ECE2023 Eposter Presentations Late Breaking (91 abstracts)
1Carol Davila University of Medicine and Pharmacy, Bucureşti, Romania, 2C.I. Parhon National Institute of Endocrinology, Bucureşti, Romania, 3Spitalul Clinic de Urgenţă pentru Copii Grigore Alexandrescu, Bucureşti, Romania, 4Centrul Oncologic SANADOR, Bucureşti, Romania, 5Sf. Ioan Clinical Emergency Hospital, Bucureşti, Romania
Introduction: We describe the case of a 68-year-old patient, having two MEN1-associated tumors that are not part of the classical triad, with a penetrance of only 40%, and 2%, according to the medical literature. Furthermore, she developed a persistent hyperkalemia after the unilateral adrenalectomy, which is rare and often missed.

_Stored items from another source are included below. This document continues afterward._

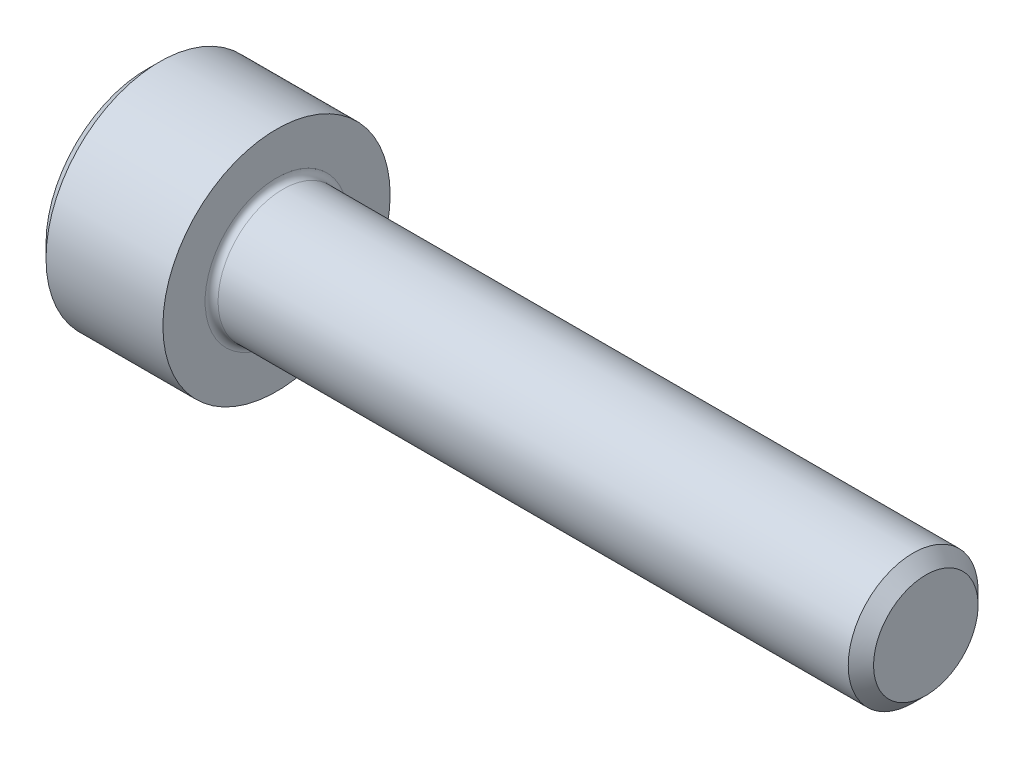
ISO-10303-21;
HEADER;
FILE_DESCRIPTION(('STEP AP214'),'2;1');
FILE_NAME('part.step','',(''),(''),'','','');
FILE_SCHEMA(('AUTOMOTIVE_DESIGN { 1 0 10303 214 1 1 1 1 }'));
ENDSEC;
DATA;
#1=APPLICATION_CONTEXT('core data for automotive mechanical design processes');
#2=APPLICATION_PROTOCOL_DEFINITION('international standard','automotive_design',2000,#1);
#3=PRODUCT_CONTEXT('',#1,'mechanical');
#4=PRODUCT('Part','Part','',(#3));
#5=PRODUCT_RELATED_PRODUCT_CATEGORY('part','',(#4));
#6=PRODUCT_DEFINITION_FORMATION('','',#4);
#7=PRODUCT_DEFINITION_CONTEXT('part definition',#1,'design');
#8=PRODUCT_DEFINITION('design','',#6,#7);
#9=PRODUCT_DEFINITION_SHAPE('','',#8);
#10=(LENGTH_UNIT() NAMED_UNIT(*) SI_UNIT(.MILLI.,.METRE.));
#11=(NAMED_UNIT(*) PLANE_ANGLE_UNIT() SI_UNIT($,.RADIAN.));
#12=(NAMED_UNIT(*) SI_UNIT($,.STERADIAN.) SOLID_ANGLE_UNIT());
#13=UNCERTAINTY_MEASURE_WITH_UNIT(LENGTH_MEASURE(1.E-05),#10,'distance_accuracy_value','');
#14=(GEOMETRIC_REPRESENTATION_CONTEXT(3) GLOBAL_UNCERTAINTY_ASSIGNED_CONTEXT((#13)) GLOBAL_UNIT_ASSIGNED_CONTEXT((#10,
#11,#12)) REPRESENTATION_CONTEXT('',''));
#15=CARTESIAN_POINT('',(0.,0.,0.));
#16=DIRECTION('',(0.,0.,1.));
#17=DIRECTION('',(1.,0.,0.));
#18=AXIS2_PLACEMENT_3D('',#15,#16,#17);
#19=CARTESIAN_POINT('',(0.,0.,0.));
#20=DIRECTION('',(-1.,0.,0.));
#21=DIRECTION('',(0.,0.,1.));
#22=AXIS2_PLACEMENT_3D('',#19,#20,#21);
#23=PLANE('',#22);
#24=DIRECTION('',(0.,-0.499999999999999,0.866025403784439));
#25=VECTOR('',#24,1.);
#26=CARTESIAN_POINT('',(0.,1.77304267668134,0.));
#27=LINE('',#26,#25);
#28=CARTESIAN_POINT('',(0.,1.77304267668134,0.));
#29=VERTEX_POINT('',#28);
#30=CARTESIAN_POINT('',(0.,0.886521338340669,1.5355));
#31=VERTEX_POINT('',#30);
#32=EDGE_CURVE('E260',#29,#31,#27,.T.);
#33=ORIENTED_EDGE('',*,*,#32,.T.);
#34=DIRECTION('',(0.,1.,0.));
#35=VECTOR('',#34,1.);
#36=CARTESIAN_POINT('',(0.,-0.886521338340672,1.5355));
#37=LINE('',#36,#35);
#38=CARTESIAN_POINT('',(0.,-0.886521338340672,1.5355));
#39=VERTEX_POINT('',#38);
#40=EDGE_CURVE('E131',#39,#31,#37,.T.);
#41=ORIENTED_EDGE('',*,*,#40,.F.);
#42=DIRECTION('',(0.,-0.500000000000001,-0.866025403784438));
#43=VECTOR('',#42,1.);
#44=CARTESIAN_POINT('',(0.,-0.886521338340672,1.5355));
#45=LINE('',#44,#43);
#46=CARTESIAN_POINT('',(0.,-1.77304267668134,0.));
#47=VERTEX_POINT('',#46);
#48=EDGE_CURVE('E263',#39,#47,#45,.T.);
#49=ORIENTED_EDGE('',*,*,#48,.T.);
#50=DIRECTION('',(0.,0.499999999999999,-0.866025403784439));
#51=VECTOR('',#50,1.);
#52=CARTESIAN_POINT('',(0.,-1.77304267668134,0.));
#53=LINE('',#52,#51);
#54=CARTESIAN_POINT('',(0.,-0.886521338340676,-1.5355));
#55=VERTEX_POINT('',#54);
#56=EDGE_CURVE('E266',#47,#55,#53,.T.);
#57=ORIENTED_EDGE('',*,*,#56,.T.);
#58=DIRECTION('',(0.,-1.,0.));
#59=VECTOR('',#58,1.);
#60=CARTESIAN_POINT('',(0.,0.886521338340665,-1.5355));
#61=LINE('',#60,#59);
#62=CARTESIAN_POINT('',(0.,0.886521338340665,-1.5355));
#63=VERTEX_POINT('',#62);
#64=EDGE_CURVE('E269',#63,#55,#61,.T.);
#65=ORIENTED_EDGE('',*,*,#64,.F.);
#66=DIRECTION('',(0.,-0.500000000000001,-0.866025403784438));
#67=VECTOR('',#66,1.);
#68=CARTESIAN_POINT('',(0.,1.77304267668134,0.));
#69=LINE('',#68,#67);
#70=EDGE_CURVE('E126',#29,#63,#69,.T.);
#71=ORIENTED_EDGE('',*,*,#70,.F.);
#72=EDGE_LOOP('',(#33,#41,#49,#57,#65,#71));
#73=FACE_BOUND('',#72,.T.);
#74=CARTESIAN_POINT('',(0.,0.,0.));
#75=DIRECTION('',(-1.,0.,0.));
#76=DIRECTION('',(0.,0.,1.));
#77=AXIS2_PLACEMENT_3D('',#74,#75,#76);
#78=CIRCLE('',#77,3.1);
#79=CARTESIAN_POINT('',(0.,0.,3.1));
#80=VERTEX_POINT('',#79);
#81=EDGE_CURVE('E155',#80,#80,#78,.T.);
#82=ORIENTED_EDGE('',*,*,#81,.T.);
#83=EDGE_LOOP('',(#82));
#84=FACE_BOUND('',#83,.T.);
#85=ADVANCED_FACE('F35',(#73,#84),#23,.T.);
#86=CARTESIAN_POINT('',(0.,0.,0.));
#87=DIRECTION('',(1.,0.,0.));
#88=DIRECTION('',(0.,0.,-1.));
#89=AXIS2_PLACEMENT_3D('',#86,#87,#88);
#90=CONICAL_SURFACE('',#89,3.1,0.785398163397451);
#91=CARTESIAN_POINT('',(0.399999999999998,0.,0.));
#92=DIRECTION('',(-1.,0.,0.));
#93=DIRECTION('',(0.,0.,1.));
#94=AXIS2_PLACEMENT_3D('',#91,#92,#93);
#95=CIRCLE('',#94,3.5);
#96=CARTESIAN_POINT('',(0.399999999999998,0.,3.5));
#97=VERTEX_POINT('',#96);
#98=EDGE_CURVE('E152',#97,#97,#95,.T.);
#99=ORIENTED_EDGE('',*,*,#98,.T.);
#100=EDGE_LOOP('',(#99));
#101=FACE_BOUND('',#100,.T.);
#102=ORIENTED_EDGE('',*,*,#81,.F.);
#103=EDGE_LOOP('',(#102));
#104=FACE_BOUND('',#103,.T.);
#105=ADVANCED_FACE('F176',(#101,#104),#90,.T.);
#106=CARTESIAN_POINT('',(-31.75,0.,0.));
#107=DIRECTION('',(-1.,0.,0.));
#108=DIRECTION('',(0.,0.,1.));
#109=AXIS2_PLACEMENT_3D('',#106,#107,#108);
#110=CYLINDRICAL_SURFACE('',#109,3.5);
#111=CARTESIAN_POINT('',(4.,0.,0.));
#112=DIRECTION('',(-1.,0.,0.));
#113=DIRECTION('',(0.,0.,1.));
#114=AXIS2_PLACEMENT_3D('',#111,#112,#113);
#115=CIRCLE('',#114,3.5);
#116=CARTESIAN_POINT('',(4.,0.,3.5));
#117=VERTEX_POINT('',#116);
#118=EDGE_CURVE('E149',#117,#117,#115,.T.);
#119=ORIENTED_EDGE('',*,*,#118,.T.);
#120=EDGE_LOOP('',(#119));
#121=FACE_BOUND('',#120,.T.);
#122=ORIENTED_EDGE('',*,*,#98,.F.);
#123=EDGE_LOOP('',(#122));
#124=FACE_BOUND('',#123,.T.);
#125=ADVANCED_FACE('F181',(#121,#124),#110,.T.);
#126=CARTESIAN_POINT('',(4.,3.5,0.));
#127=DIRECTION('',(1.,0.,0.));
#128=DIRECTION('',(0.,0.,-1.));
#129=AXIS2_PLACEMENT_3D('',#126,#127,#128);
#130=PLANE('',#129);
#131=CARTESIAN_POINT('',(4.,0.,0.));
#132=DIRECTION('',(1.,0.,0.));
#133=DIRECTION('',(0.,0.,-1.));
#134=AXIS2_PLACEMENT_3D('',#131,#132,#133);
#135=CIRCLE('',#134,2.19999999999999);
#136=CARTESIAN_POINT('',(4.,0.,-2.19999999999999));
#137=VERTEX_POINT('',#136);
#138=EDGE_CURVE('E43',#137,#137,#135,.F.);
#139=ORIENTED_EDGE('',*,*,#138,.T.);
#140=EDGE_LOOP('',(#139));
#141=FACE_BOUND('',#140,.T.);
#142=ORIENTED_EDGE('',*,*,#118,.F.);
#143=EDGE_LOOP('',(#142));
#144=FACE_BOUND('',#143,.T.);
#145=ADVANCED_FACE('F160',(#141,#144),#130,.T.);
#146=CARTESIAN_POINT('',(-31.75,0.,0.));
#147=DIRECTION('',(-1.,0.,0.));
#148=DIRECTION('',(0.,0.,1.));
#149=AXIS2_PLACEMENT_3D('',#146,#147,#148);
#150=CYLINDRICAL_SURFACE('',#149,1.99999999999999);
#151=CARTESIAN_POINT('',(4.2,0.,0.));
#152=DIRECTION('',(1.,0.,0.));
#153=DIRECTION('',(0.,0.,-1.));
#154=AXIS2_PLACEMENT_3D('',#151,#152,#153);
#155=CIRCLE('',#154,1.99999999999999);
#156=CARTESIAN_POINT('',(4.2,0.,-1.99999999999999));
#157=VERTEX_POINT('',#156);
#158=EDGE_CURVE('E11',#157,#157,#155,.T.);
#159=ORIENTED_EDGE('',*,*,#158,.T.);
#160=EDGE_LOOP('',(#159));
#161=FACE_BOUND('',#160,.T.);
#162=CARTESIAN_POINT('',(23.61,0.,0.));
#163=DIRECTION('',(-1.,0.,0.));
#164=DIRECTION('',(0.,0.,1.));
#165=AXIS2_PLACEMENT_3D('',#162,#163,#164);
#166=CIRCLE('',#165,1.99999999999997);
#167=CARTESIAN_POINT('',(23.61,0.,1.99999999999997));
#168=VERTEX_POINT('',#167);
#169=EDGE_CURVE('E146',#168,#168,#166,.T.);
#170=ORIENTED_EDGE('',*,*,#169,.T.);
#171=EDGE_LOOP('',(#170));
#172=FACE_BOUND('',#171,.T.);
#173=ADVANCED_FACE('F191',(#161,#172),#150,.T.);
#174=CARTESIAN_POINT('',(24.,0.,0.));
#175=DIRECTION('',(-1.,0.,0.));
#176=DIRECTION('',(0.,0.,1.));
#177=AXIS2_PLACEMENT_3D('',#174,#175,#176);
#178=CONICAL_SURFACE('',#177,1.61,0.785398163397392);
#179=ORIENTED_EDGE('',*,*,#169,.F.);
#180=EDGE_LOOP('',(#179));
#181=FACE_BOUND('',#180,.T.);
#182=CARTESIAN_POINT('',(24.,0.,0.));
#183=DIRECTION('',(-1.,0.,0.));
#184=DIRECTION('',(0.,0.,1.));
#185=AXIS2_PLACEMENT_3D('',#182,#183,#184);
#186=CIRCLE('',#185,1.61);
#187=CARTESIAN_POINT('',(24.,0.,1.61));
#188=VERTEX_POINT('',#187);
#189=EDGE_CURVE('E142',#188,#188,#186,.T.);
#190=ORIENTED_EDGE('',*,*,#189,.T.);
#191=EDGE_LOOP('',(#190));
#192=FACE_BOUND('',#191,.T.);
#193=ADVANCED_FACE('F171',(#181,#192),#178,.T.);
#194=CARTESIAN_POINT('',(24.,1.61,0.));
#195=DIRECTION('',(1.,0.,0.));
#196=DIRECTION('',(0.,0.,-1.));
#197=AXIS2_PLACEMENT_3D('',#194,#195,#196);
#198=PLANE('',#197);
#199=ORIENTED_EDGE('',*,*,#189,.F.);
#200=EDGE_LOOP('',(#199));
#201=FACE_BOUND('',#200,.T.);
#202=ADVANCED_FACE('F164',(#201),#198,.T.);
#203=CARTESIAN_POINT('',(4.2,0.,0.));
#204=DIRECTION('',(1.,0.,0.));
#205=DIRECTION('',(0.,0.,-1.));
#206=AXIS2_PLACEMENT_3D('',#203,#204,#205);
#207=TOROIDAL_SURFACE('',#206,2.19999999999999,0.2);
#208=ORIENTED_EDGE('',*,*,#158,.F.);
#209=EDGE_LOOP('',(#208));
#210=FACE_BOUND('',#209,.T.);
#211=ORIENTED_EDGE('',*,*,#138,.F.);
#212=EDGE_LOOP('',(#211));
#213=FACE_BOUND('',#212,.T.);
#214=ADVANCED_FACE('F37',(#210,#213),#207,.F.);
#215=CARTESIAN_POINT('',(2.,1.77304267668134,0.));
#216=DIRECTION('',(0.,-0.866025403784439,-0.499999999999999));
#217=DIRECTION('',(0.,0.499999999999999,-0.866025403784439));
#218=AXIS2_PLACEMENT_3D('',#215,#216,#217);
#219=PLANE('',#218);
#220=ORIENTED_EDGE('',*,*,#32,.F.);
#221=DIRECTION('',(-1.,0.,0.));
#222=VECTOR('',#221,1.);
#223=CARTESIAN_POINT('',(2.,1.77304267668134,0.));
#224=LINE('',#223,#222);
#225=CARTESIAN_POINT('',(2.,1.77304267668134,0.));
#226=VERTEX_POINT('',#225);
#227=EDGE_CURVE('E250',#226,#29,#224,.T.);
#228=ORIENTED_EDGE('',*,*,#227,.F.);
#229=DIRECTION('',(0.,-0.499999999999999,0.866025403784439));
#230=VECTOR('',#229,1.);
#231=CARTESIAN_POINT('',(2.,1.77304267668134,0.));
#232=LINE('',#231,#230);
#233=CARTESIAN_POINT('',(2.,1.329782007511,0.767749999999997));
#234=VERTEX_POINT('',#233);
#235=EDGE_CURVE('E118',#226,#234,#232,.T.);
#236=ORIENTED_EDGE('',*,*,#235,.T.);
#237=CARTESIAN_POINT('',(2.,0.886521338340669,1.5355));
#238=VERTEX_POINT('',#237);
#239=EDGE_CURVE('E109',#234,#238,#232,.T.);
#240=ORIENTED_EDGE('',*,*,#239,.T.);
#241=DIRECTION('',(-1.,0.,0.));
#242=VECTOR('',#241,1.);
#243=CARTESIAN_POINT('',(2.,0.886521338340669,1.5355));
#244=LINE('',#243,#242);
#245=EDGE_CURVE('E123',#238,#31,#244,.T.);
#246=ORIENTED_EDGE('',*,*,#245,.T.);
#247=EDGE_LOOP('',(#220,#228,#236,#240,#246));
#248=FACE_BOUND('',#247,.T.);
#249=ADVANCED_FACE('F122',(#248),#219,.T.);
#250=CARTESIAN_POINT('',(2.,-0.886521338340672,1.5355));
#251=DIRECTION('',(0.,0.,1.));
#252=DIRECTION('',(0.,-1.,0.));
#253=AXIS2_PLACEMENT_3D('',#250,#251,#252);
#254=PLANE('',#253);
#255=ORIENTED_EDGE('',*,*,#40,.T.);
#256=ORIENTED_EDGE('',*,*,#245,.F.);
#257=DIRECTION('',(0.,1.,0.));
#258=VECTOR('',#257,1.);
#259=CARTESIAN_POINT('',(2.,-0.886521338340672,1.5355));
#260=LINE('',#259,#258);
#261=CARTESIAN_POINT('',(2.,0.,1.5355));
#262=VERTEX_POINT('',#261);
#263=EDGE_CURVE('E106',#262,#238,#260,.T.);
#264=ORIENTED_EDGE('',*,*,#263,.F.);
#265=CARTESIAN_POINT('',(2.,-0.886521338340672,1.5355));
#266=VERTEX_POINT('',#265);
#267=EDGE_CURVE('E117',#266,#262,#260,.T.);
#268=ORIENTED_EDGE('',*,*,#267,.F.);
#269=DIRECTION('',(-1.,0.,0.));
#270=VECTOR('',#269,1.);
#271=CARTESIAN_POINT('',(2.,-0.886521338340672,1.5355));
#272=LINE('',#271,#270);
#273=EDGE_CURVE('E133',#266,#39,#272,.T.);
#274=ORIENTED_EDGE('',*,*,#273,.T.);
#275=EDGE_LOOP('',(#255,#256,#264,#268,#274));
#276=FACE_BOUND('',#275,.T.);
#277=ADVANCED_FACE('F128',(#276),#254,.F.);
#278=CARTESIAN_POINT('',(2.,-0.886521338340672,1.5355));
#279=DIRECTION('',(0.,0.866025403784438,-0.500000000000001));
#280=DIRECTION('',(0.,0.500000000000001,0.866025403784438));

Case report: In 2011, following a non-specific symptomatology (dry cough, fatigue), a bilobectomy was performed (medium and right inferior lobes), the patient being diagnosed with typical pulmonary carcinoid, as stated by the histopathology and immunohistochemistry tests. 9 years later, in May 2020, the patient was admitted to the ER for cardiac tamponade, the neoplastic etiology being revealed by the histopathological examination. Afterwards, the outcome of the immunohistochemistry assessment was fibrino-hematic pericarditis, with mesothelial reaction, without tumor aspects. A December 2020 octreoscan scintigraphy detected pericardial and hepatic lesions, indicating pulmonary carcinoid metastases. Therefore, 1 month later, octreotide treatment was initiated (Sandostatin LAR 30 mg/month). In July 2021, the patient undertook another octreoscan scintigraphy showing only a new L4 lesion. In November 2021, the laboratory findings pointed to primary hyperaldosteronism with a high ARR (>84.2 ng/dl per uU/ml), undetectable renin with PAC>20 ng/dl (42.1 ng/dl), and hypokalemia (2.9 mmol/l). The most recent unenhanced thoracic-abdominal-pelvic CT scan identified a 22mm adenoma in the right adrenal gland, which had been registered in the patients medical records for 10 years. Due to endocrinological assessments which indicated subclinical hyperthyroidism, and a toxic multinodular goiter revealed by the thyroid scintigraphy, the Thyrozol treatment was restarted. In May 2022, the patient underwent right laparoscopic adrenalectomy. Gross pathologic examination revealed a 1.8 cm round, well-circumscribed nodule, while the microscopic examination confirmed the adrenal adenoma diagnosis. Pre-adrenalectomy, the patients renal function was impaired, with a 32.3mL/min/1.73 m2 eGFR. The postoperative PAC declined to a low level: 13.1 ng/dl, while the serum potassium levels surged to 7.43mEq/l, and the eGFR further decreased to 17.5mL/min/1.73 m2 with cortisol levels within the normal range. Subsequently, fludrocortisone 0.1 mg daily was initiated, and the patients potassium levels returned to the ULN (5.1 mmol/l) seven months after adrenalectomy.
Conclusion: Because of this rare phenotype association of primary hyperaldosteronism and pulmonary NET, the patient falls into both MEN1 and MEN4 syndrome. Close monitoring of postoperative potassium levels is crucial following adrenalectomy, especially those with altered renal function or advanced age, as they are at a higher risk of developing life-threatening hyperkalemia. Mineralocorticoid replacement therapy should be administered if necessary.